[Data in this exercise — start]
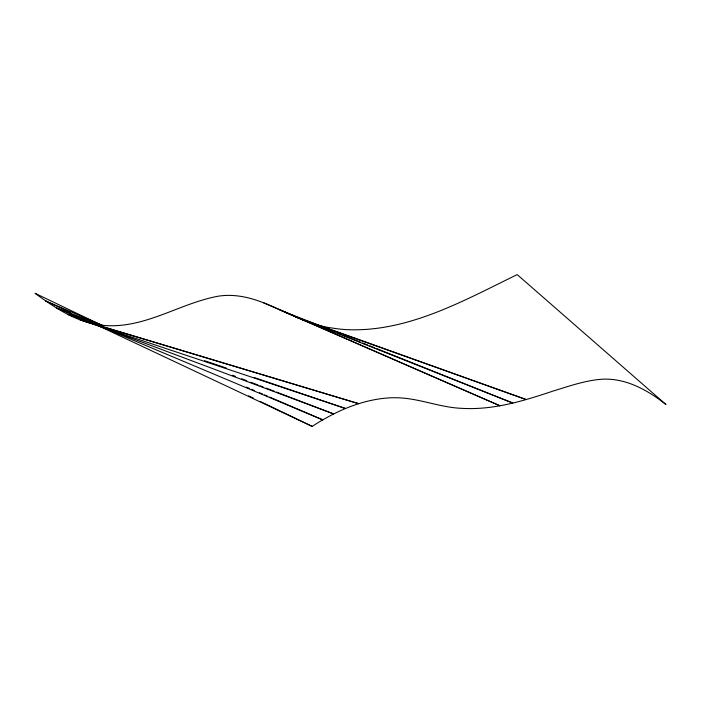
<?xml version="1.0" encoding="UTF-8"?>
<svg xmlns="http://www.w3.org/2000/svg" width="701" height="701" viewBox="0 0 701 701"><rect width="100%" height="100%" fill="white"/><g stroke="black" fill="none" stroke-linecap="round" stroke-linejoin="round"><path stroke-width="1.05" d="M96.3 324.773L312.19 426.392C335.052 411.505 360.962 399.815 388.477 397.923A137.939 117.689 -84.7 0 1 399.035 397.835C420.355 398.746 440.43 407.535 461.784 408.341A164.621 140.314 -55.2 0 0 474.892 408.517C501.951 407.64 528.019 399.43 553.492 390.93C569.133 386.163 584.792 380.617 601.195 379.276C625.31 377.559 647.645 390.036 665.95 404.53L517.215 274.608C463.808 300.563 407.868 332.458 346.478 329.645A199.198 154.755 -56.5 0 1 332.239 328.024C292.659 323.187 259.729 289.969 218.458 296.155C180.893 302.99 147.306 327.174 108.068 325.693A163.973 112.072 -65.5 0 1 96.563 324.484C73.535 320.278 53.583 306.898 35.05 293.29L102.171 325.527M93.04 323.783L358.728 403.688L79.695 319.717L345.549 408.517L254.279 377.559M98.71 324.8L67.594 314.25L333.694 413.949L276.404 392.043M204.499 360.673L226.274 368.06M312.094 323.065L526.197 399.561L295.217 316.712L512.869 403.084L376.849 348.651M102.486 325.544L56.448 307.941L84.69 319.814M232.408 375.219L235.483 376.393M241.617 378.742L246.734 380.696M250.827 382.264L257.986 384.998M260.036 385.787L263.103 386.961M266.17 388.126L274.354 391.263M320.006 325.912L279.401 309.658L499.927 405.765L263.585 302.832M324.072 327.533L327.113 328.751M331.17 330.373L334.219 331.591M338.276 333.22L341.326 334.438M343.359 335.253L360.612 342.158M362.645 342.964L367.718 344.997M369.742 345.812L374.825 347.845M94.784 324.055L322.749 419.864L269.57 397.038M102.986 325.544L45.793 301.001L70.547 312.655M246.489 387.127L249.495 388.424M251.501 389.283L254.516 390.58M259.528 392.726L262.542 394.023M264.549 394.882L267.563 396.17M248.575 395.837L253.429 398.168M260.194 401.419L272.321 407.246M273.259 407.693L312.19 426.392"/></g></svg>
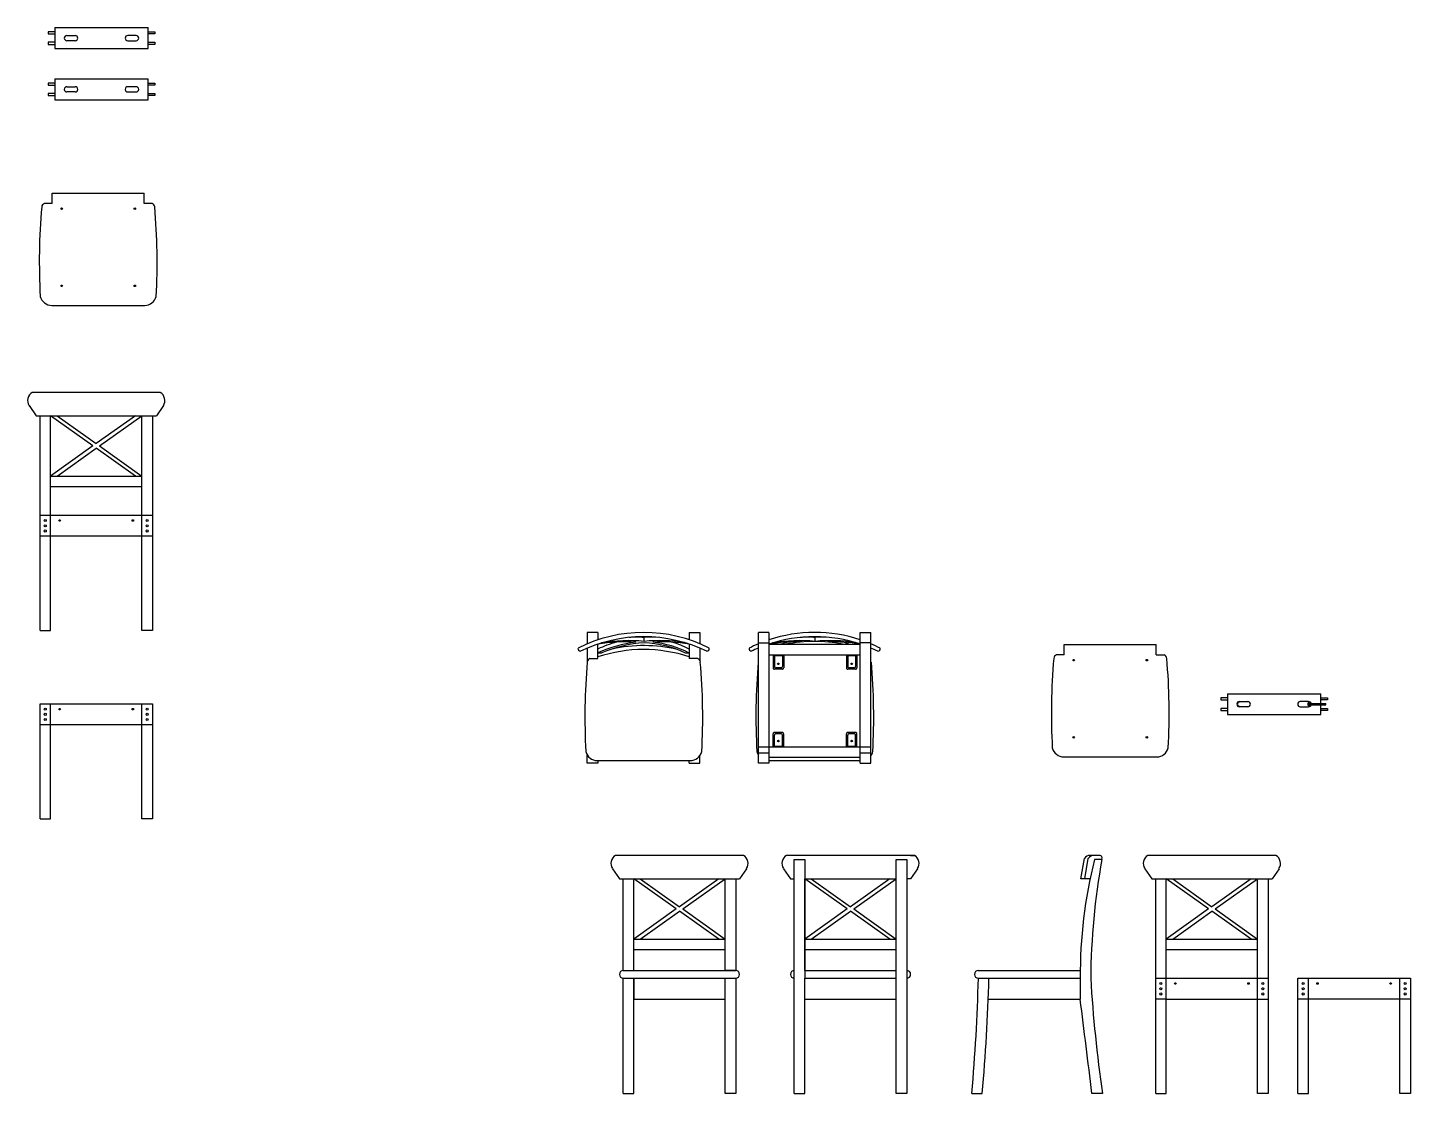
# Model space of a CAD drawing. Header units: millimetres. Extents: x 23410 to 35283, y 8513 to 12646.
# Drawn here: x 23410 to 28699, y 8571 to 12646 of the extents above; entities that cross this region are included whole.
import ezdxf

# ---------------------------------------------------------------- set-up
doc = ezdxf.new("R2010")
doc.units = ezdxf.units.MM
doc.layers.add('Layer1', color=1, linetype='Continuous')

msp = doc.modelspace()

# ---------------------------------------------------------------- linework, layer by layer
at = {"layer": 'Layer1'}
for p, q in [((23514, 12646.3), (23871.2, 12646.3)), ((23514, 12646.3), (23514, 12566.3)), ((23871.2, 12566.3), (23871.2, 12646.3)), ((23514, 12630.3), (23488.7, 12630.3)), ((23488.7, 12630.3), (23488.7, 12622.3)), ((23488.7, 12622.3), (23514, 12622.3)), ((23514, 12590.3), (23488.7, 12590.3)), ((23488.7, 12590.3), (23488.7, 12582.3)), ((23560.3, 12616.3), (23592.2, 12616.3)), ((23592.2, 12596.3), (23560.3, 12596.3)), ((23824.9, 12616.3), (23793.1, 12616.3)), ((23793.1, 12596.3), (23824.9, 12596.3)), ((23871.2, 12630.3), (23896.6, 12630.3)), ((23896.6, 12622.3), (23871.2, 12622.3)), ((23871.2, 12590.3), (23896.6, 12590.3)), ((23896.6, 12630.3), (23896.6, 12622.3)), ((23896.6, 12590.3), (23896.6, 12582.3)), ((23488.7, 12582.3), (23514, 12582.3)), ((23514, 12566.3), (23871.2, 12566.3)), ((23896.6, 12582.3), (23871.2, 12582.3)), ((23514, 12434.4), (23488.7, 12434.4)), ((23488.7, 12434.4), (23488.7, 12426.4)), ((23514, 12450.4), (23871.2, 12450.4)), ((23514, 12450.4), (23514, 12370.4)), ((23871.2, 12370.4), (23871.2, 12450.4)), ((23871.2, 12434.4), (23896.6, 12434.4)), ((23896.6, 12434.4), (23896.6, 12426.4)), ((23488.7, 12426.4), (23514, 12426.4)), ((23514, 12394.4), (23488.7, 12394.4)), ((23488.7, 12394.4), (23488.7, 12386.4)), ((23488.7, 12386.4), (23514, 12386.4)), ((23560.3, 12420.4), (23592.2, 12420.4)), ((23592.2, 12400.4), (23560.3, 12400.4)), ((23824.9, 12420.4), (23793.1, 12420.4)), ((23793.1, 12400.4), (23824.9, 12400.4)), ((23896.6, 12426.4), (23871.2, 12426.4)), ((23871.2, 12394.4), (23896.6, 12394.4)), ((23896.6, 12386.4), (23871.2, 12386.4)), ((23896.6, 12394.4), (23896.6, 12386.4)), ((23514, 12370.4), (23871.2, 12370.4)), ((23504.1, 11974), (23504.1, 12014)), ((23504.1, 12014), (23856.1, 12014)), ((23856.1, 11974), (23856.1, 12014)), ((23504.1, 11974), (23474.1, 11974)), ((23886.1, 11974), (23856.1, 11974)), ((23502.1, 11584), (23858.1, 11584)), ((23917.5, 11251.6), (23427.5, 11251.6)), ((23415.8, 11200.8), (23442.5, 11161.6)), ((23442.5, 11161.6), (23902.5, 11161.6)), ((23457.5, 10341.6), (23457.5, 11161.6)), ((23497.5, 10341.6), (23497.5, 11161.6)), ((23660, 11046.6), (23497.5, 11161.6)), ((23522.5, 11161.6), (23672.5, 11055.5)), ((23822.5, 11161.6), (23672.5, 11055.5)), ((23685, 11046.6), (23847.5, 11161.6)), ((23847.5, 10341.6), (23847.5, 11161.6)), ((23887.5, 11161.6), (23887.5, 10341.6)), ((23929.2, 11200.8), (23902.5, 11161.6)), ((23660, 11046.6), (23497.5, 10931.6)), ((23522.5, 10931.6), (23672.5, 11037.8)), ((23822.5, 10931.6), (23672.5, 11037.8)), ((23685, 11046.6), (23847.5, 10931.6)), ((23497.5, 10931.6), (23847.5, 10931.6)), ((23497.5, 10891.6), (23847.5, 10891.6)), ((23887.5, 10701.6), (23457.5, 10701.6)), ((23457.5, 10341.6), (23497.5, 10341.6)), ((23887.5, 10341.6), (23847.5, 10341.6)), ((25590.9, 10333.6), (25550.9, 10333.6)), ((25550.9, 10333.6), (25550.9, 10290)), ((25590.9, 10333.6), (25590.9, 10305.1)), ((25768.5, 10299.5), (25768.5, 10314.5)), ((25940.9, 10333.6), (25980.9, 10333.6)), ((25940.9, 10333.6), (25940.9, 10305.4)), ((25980.9, 10333.6), (25980.9, 10290.3)), ((26245.2, 10333.6), (26205.2, 10333.6)), ((26205.2, 9833.6), (26205.2, 10333.6)), ((26245.2, 10333.6), (26245.2, 9833.6)), ((26245.2, 10333.6), (26245.2, 10248.2)), ((26422.7, 10299.5), (26422.7, 10314.5)), ((26595.2, 10333.6), (26635.2, 10333.6)), ((26595.2, 9833.6), (26595.2, 10333.6)), ((26635.2, 9833.6), (26635.2, 10333.6)), ((25550.9, 10273.7), (25550.9, 10221.7)), ((25590.9, 10288.8), (25605.2, 10293.3)), ((25590.9, 10233.4), (25590.9, 10288.8)), ((25940.9, 10289.1), (25927.5, 10293.3)), ((25940.9, 10289.1), (25940.9, 10233.4)), ((25980.9, 10274), (25980.9, 10226.6)), ((26205.2, 10293.6), (26245.2, 10293.6)), ((26245.2, 10288.8), (26259.4, 10293.3)), ((26245.2, 10288.2), (26595.2, 10289.1)), ((26595.2, 10289.1), (26581.7, 10293.3)), ((26635.2, 10293.6), (26595.2, 10293.6)), ((27375.3, 10247.6), (27375.3, 10287.6)), ((27375.3, 10287.6), (27727.3, 10287.6)), ((27727.3, 10247.6), (27727.3, 10287.6)), ((25560.9, 10233.4), (25590.9, 10233.4)), ((25590.9, 10255.3), (25605.9, 10255.3)), ((25940.9, 10254.9), (25925.9, 10254.9)), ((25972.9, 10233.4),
[Data in this exercise — finish]
■ **Work request**: Lines with "units" in the records above: copy every one of them.

■ **Task answer**:
# Model space of a CAD drawing. Header units: millimetres. Extents: x 23410 to 35283, y 8513 to 12646.
doc.units = ezdxf.units.MM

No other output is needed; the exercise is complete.